Personal Thoughts on Ethics in International Adoption. - By Ellen Fitzenrider

     I am by no means an expert on ethical matters in anything (who can totally be?), let alone international adoption. The concept of ethics in itself is fraught with inherent 'gray-areas' that always seem to be open to interpretation, constant reflection and redefinition. It challenges us to be thoughtful, and to try to be our best selves by 'doing the right thing.' In the arena of international adoption there are issues small and large, but the challenge is of paramount importance and cannot wait until we have time in our busy lives to pay attention to them.

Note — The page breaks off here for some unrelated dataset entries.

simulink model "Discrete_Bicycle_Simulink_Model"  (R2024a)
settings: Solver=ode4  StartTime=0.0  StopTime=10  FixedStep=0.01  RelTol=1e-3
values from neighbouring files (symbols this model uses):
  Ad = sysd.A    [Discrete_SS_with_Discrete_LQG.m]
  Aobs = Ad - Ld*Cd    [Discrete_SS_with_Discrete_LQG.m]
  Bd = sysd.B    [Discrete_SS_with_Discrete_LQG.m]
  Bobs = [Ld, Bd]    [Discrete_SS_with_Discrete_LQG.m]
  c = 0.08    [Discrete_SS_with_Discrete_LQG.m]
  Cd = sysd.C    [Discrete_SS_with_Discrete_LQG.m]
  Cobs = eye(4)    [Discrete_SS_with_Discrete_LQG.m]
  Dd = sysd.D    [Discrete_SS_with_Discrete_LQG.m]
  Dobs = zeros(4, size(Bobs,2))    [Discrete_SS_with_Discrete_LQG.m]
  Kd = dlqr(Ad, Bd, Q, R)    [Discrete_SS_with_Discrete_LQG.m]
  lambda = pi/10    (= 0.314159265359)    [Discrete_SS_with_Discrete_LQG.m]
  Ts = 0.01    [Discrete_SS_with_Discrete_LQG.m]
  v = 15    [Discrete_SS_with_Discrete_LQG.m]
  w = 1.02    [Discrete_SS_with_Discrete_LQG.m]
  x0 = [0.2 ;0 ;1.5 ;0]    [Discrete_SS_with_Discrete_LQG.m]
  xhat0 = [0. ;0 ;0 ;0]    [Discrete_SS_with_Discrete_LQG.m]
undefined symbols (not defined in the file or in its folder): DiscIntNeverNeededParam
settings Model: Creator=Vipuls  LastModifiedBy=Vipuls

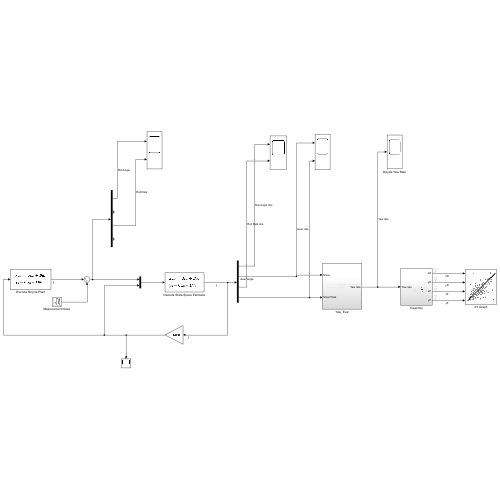
[thumbnail: Simulink's stored preview of the top-level diagram]
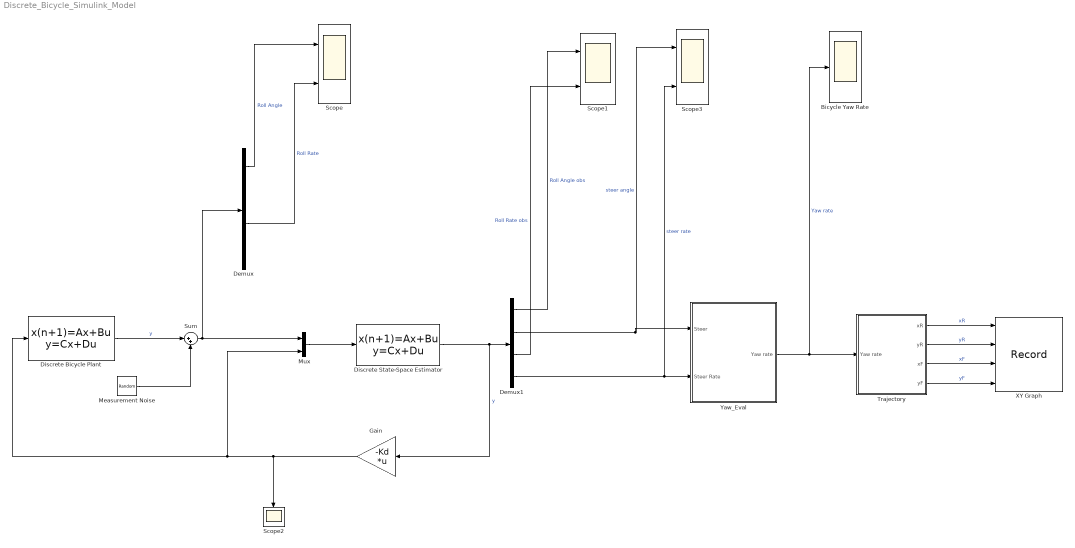
== system Discrete_Bicycle_Simulink_Model ==
  Bicycle Yaw Rate : Scope
  Demux : Demux
  Demux1 : Demux
  Discrete Bicycle Plant : DiscreteStateSpace  A=Ad  B=Bd  C=Cd  D=Dd  InitialCondition=x0  SampleTime=Ts
  Discrete State-Space Estimator : DiscreteStateSpace  A=Aobs  B=Bobs  C=Cobs  D=Dobs  InitialCondition=xhat0  SampleTime=-1
  Gain : Gain  Gain=-Kd  Multiplication=Matrix(K*u)
  Measurement Noise : RandomNumber  Variance=[0.0001, 0.0001, 0.0001, 0.0001]  SampleTime=Ts
  Mux : Mux  Inputs=2
  Scope : Scope  NumInputPorts=2
  Scope1 : Scope  NumInputPorts=2
  Scope2 : Scope
  Scope3 : Scope  NumInputPorts=2
  Sum : Sum  Inputs=|++
  Trajectory : Subsystem
  XY Graph : Record  FileSettingsInternal="{\"entries\":[{\"content\":{\"excelSettings\":{\"content\":{},\"type\":\"Streamout.ExcelSettings\"}},\"type\":\"Streamout.FileSettingStorage\",\"uuid\":\"\"}],\"packageUris\":[\"http:\\/\\/schema.mathworks.com\\/mf0\\/streamout_blocks\\/R2020a\"],\"version\":\"1.0\"}"  Layout=[1 1]  SignalsInternal="{\"entries\":[{\"content\":{\"signals\":[{\"content\":{\"blockPath\":[],\"dimensions\":[1],\"domain\":\"\",\"lineColor\":\"#fe330a\",\"lineWidth\":2,\"port\":1,\"sid\":[\"\"],\"signalID\":1,\"signalName\":\"xR\"},\"type\":\"RecordBlkView.Signal\",\"uuid\":\"\"},{\"content\":{\"blockPath\":[],\"dimensions\":[1],\"domain\":\"\",\"lineColor\":\"#22b573\",\"lineWidth\":2,\"port\":2,\"sid\":[\"\"],\"signalID\":2,\"signalName\":\"yR\"},\"type\":\"RecordBlkView.Signal\",\"uuid\":\"\"},{\"content\":{\"blockPath\":[],\"dimensions\":[1],\"domain\":\"\",\"lineColor\":\"#0072bd\",\"lineWidth\":2,\"port\":3,\"sid\":[\"\"],\"signalID\":3,\"signalName\":\"xF\"},\"type\":\"RecordBlkView.Signal\",\"uuid\":\"\"},{\"content\":{\"blockPath\":[],\"dimensions\":[1],\"domain\":\"\",\"lineColor\":\"#d95319\",\"lineWidth\":2,\"port\":4,\"sid\":[\"\"],\"signalID\":4,\"signalName\":\"yF\"},\"type\":\"RecordBlkView.Signal\",\"uuid\":\"\"}]},\"type\":\"RecordBlkView.InputSignals\",\"uuid\":\"\"}],\"packageUris\":[\"http:\\/\\/schema.mathworks.com\\/mf0\\/streamout_blocks\\/R2020a\"],\"version\":\"1.0\"}"  VisualizationBindings="{\"xyplotplugin\":{\"info\":[{\"series\":[],\"subplotID\":1}]}}"  CompatibilityTag=XY
  Yaw_Eval : Subsystem
  wires:
  Measurement Noise/1 -> Sum/2
  Sum/1 -> Mux/1, Demux/1
  Mux/1 -> Discrete State-Space Estimator/1
  Gain/1 -> Discrete Bicycle Plant/1, Mux/2, Scope2/1
  Demux/1 -> Scope/1  "Roll Angle"
  Demux/3 -> Scope/2  "Roll Rate"
  Discrete State-Space Estimator/1 -> Gain/1, Demux1/1  "y"
  Demux1/3 -> Scope1/2  "Roll Rate obs"
  Demux1/1 -> Scope1/1  "Roll Angle obs"
  Discrete Bicycle Plant/1 -> Sum/1  "y"
  Demux1/4 -> Scope3/2, Yaw_Eval/2(Steer Rate)  "steer rate"
  Demux1/2 -> Yaw_Eval/1(Steer), Scope3/1  "steer angle"
  Yaw_Eval/1(Yaw rate) -> Bicycle Yaw Rate/1, Trajectory/1(Yaw rate)  "Yaw rate"
  Trajectory/1(xR) -> XY Graph/1  "xR"
  Trajectory/2(yR) -> XY Graph/2  "yR"
  Trajectory/3(xF) -> XY Graph/3  "xF"
  Trajectory/4(yF) -> XY Graph/4  "yF"

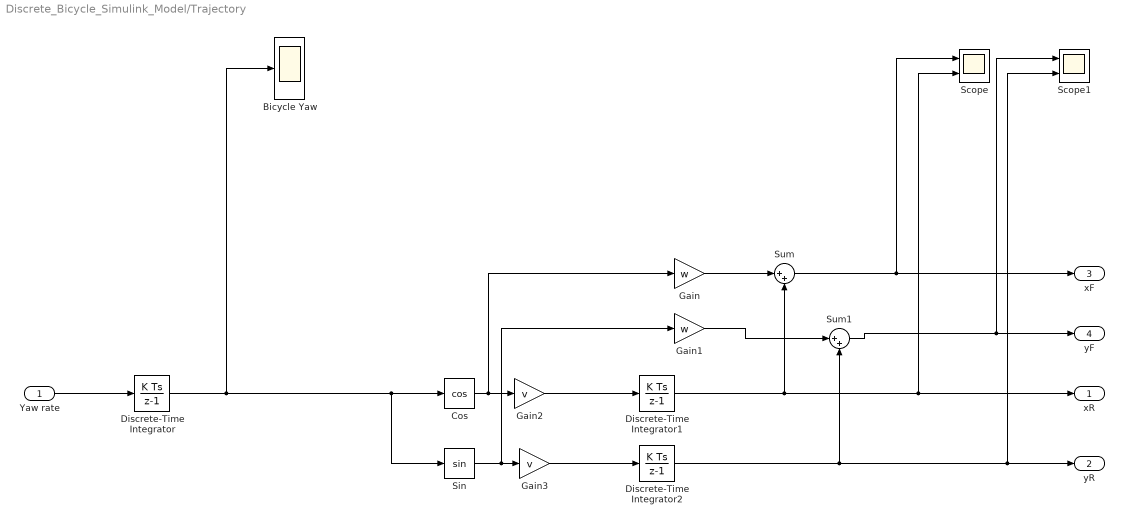
== system Discrete_Bicycle_Simulink_Model/Trajectory ==
  Yaw rate : Inport
  Bicycle Yaw : Scope
  Cos : Trigonometry  Operator=cos
  Discrete-Time Integrator : DiscreteIntegrator  SampleTime=Ts  ICPrevOutput=DiscIntNeverNeededParam  ICPrevScaledInput=DiscIntNeverNeededParam
  Discrete-Time Integrator1 : DiscreteIntegrator  SampleTime=Ts  ICPrevOutput=DiscIntNeverNeededParam  ICPrevScaledInput=DiscIntNeverNeededParam
  Discrete-Time Integrator2 : DiscreteIntegrator  SampleTime=Ts  ICPrevOutput=DiscIntNeverNeededParam  ICPrevScaledInput=DiscIntNeverNeededParam
  Gain : Gain  Gain=w
  Gain1 : Gain  Gain=w
  Gain2 : Gain  Gain=v
  Gain3 : Gain  Gain=v
  Scope : Scope  NumInputPorts=2
  Scope1 : Scope  NumInputPorts=2
  Sin : Trigonometry
  Sum : Sum  Inputs=|++
  Sum1 : Sum  Inputs=|++
  xR : Outport
  yR : Outport  Port=2
  xF : Outport  Port=3
  yF : Outport  Port=4
  wires:
  Cos/1 -> Gain/1, Gain2/1
  Gain3/1 -> Discrete-Time Integrator2/1
  Gain2/1 -> Discrete-Time Integrator1/1
  Discrete-Time Integrator1/1 -> Scope/2, xR/1, Sum/2
  Discrete-Time Integrator2/1 -> Sum1/2, Scope1/2, yR/1
  Yaw rate/1 -> Discrete-Time Integrator/1
  Discrete-Time Integrator/1 -> Bicycle Yaw/1, Sin/1, Cos/1
  Sin/1 -> Gain1/1, Gain3/1
  Gain1/1 -> Sum1/1
  Gain/1 -> Sum/1
  Sum/1 -> Scope/1, xF/1
  Sum1/1 -> Scope1/1, yF/1

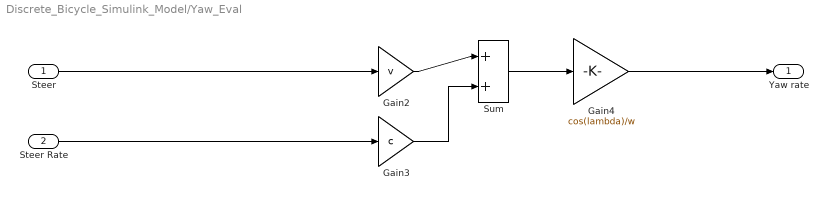
== system Discrete_Bicycle_Simulink_Model/Yaw_Eval ==
  Steer : Inport
  Steer Rate : Inport  Port=2
  Gain2 : Gain  Gain=v
  Gain3 : Gain  Gain=c
  Gain4 : Gain  Gain=cos(lambda)/w
  Sum : Sum  Inputs=|++
  Yaw rate : Outport
  wires:
  Sum/1 -> Gain4/1
  Gain4/1 -> Yaw rate/1
  Gain3/1 -> Sum/2
  Steer Rate/1 -> Gain3/1
  Gain2/1 -> Sum/1
  Steer/1 -> Gain2/1

There are lives at stake. Lives of children. Lives of families. Lives of those of us in the more fortunate areas of the world. Lives of those living in countries less fortunate. There are moral choices and decisions to be made that can so easily be swayed by emotion, desired outcomes and, especially, money.

     Face it. There is a LOT of money flying around this world of international adoption. Lets see, the math would be something like: over 20,000 (we'll go with 20,000 to be easy) international adoptions occurring (just in the U.S.) each year, times $20,000 (assumed, by me, average...as some are less but some are MUCH more) per adoption would be...my calculator says a four followed by eight zeroes...put in the commas...400,000,000. $400,000,000?? FOUR HUNDRED MILLION DOLLARS? I haven't run those figures before and I'm sitting here stunned. I have run it again to make sure that I didn't do it wrong, but there it is. People, with that kind of money involved, trust me, there WILL be less-than-honest people in the world wanting to get a piece of that unbelievably large pie. It's no wonder that children are taken from families, smuggled in suitcases and across borders, that documents are falsified, and that lies and deception can become wrapped up in the whole process. The U.S. Embassy in Guatemala has resorted to requiring DNA testing on ALL children and the women who claim to be their biological mothers because of instances in the past where babies were stolen and presented/relinquished for adoption by women who were not actually related to them. I know one woman who for several years ran an adoption agency who, when she saw the levels of corruption that exist, even in seemingly small ways, throughout the process, she left the business rather than play a game that she felt ethically unable to participate in.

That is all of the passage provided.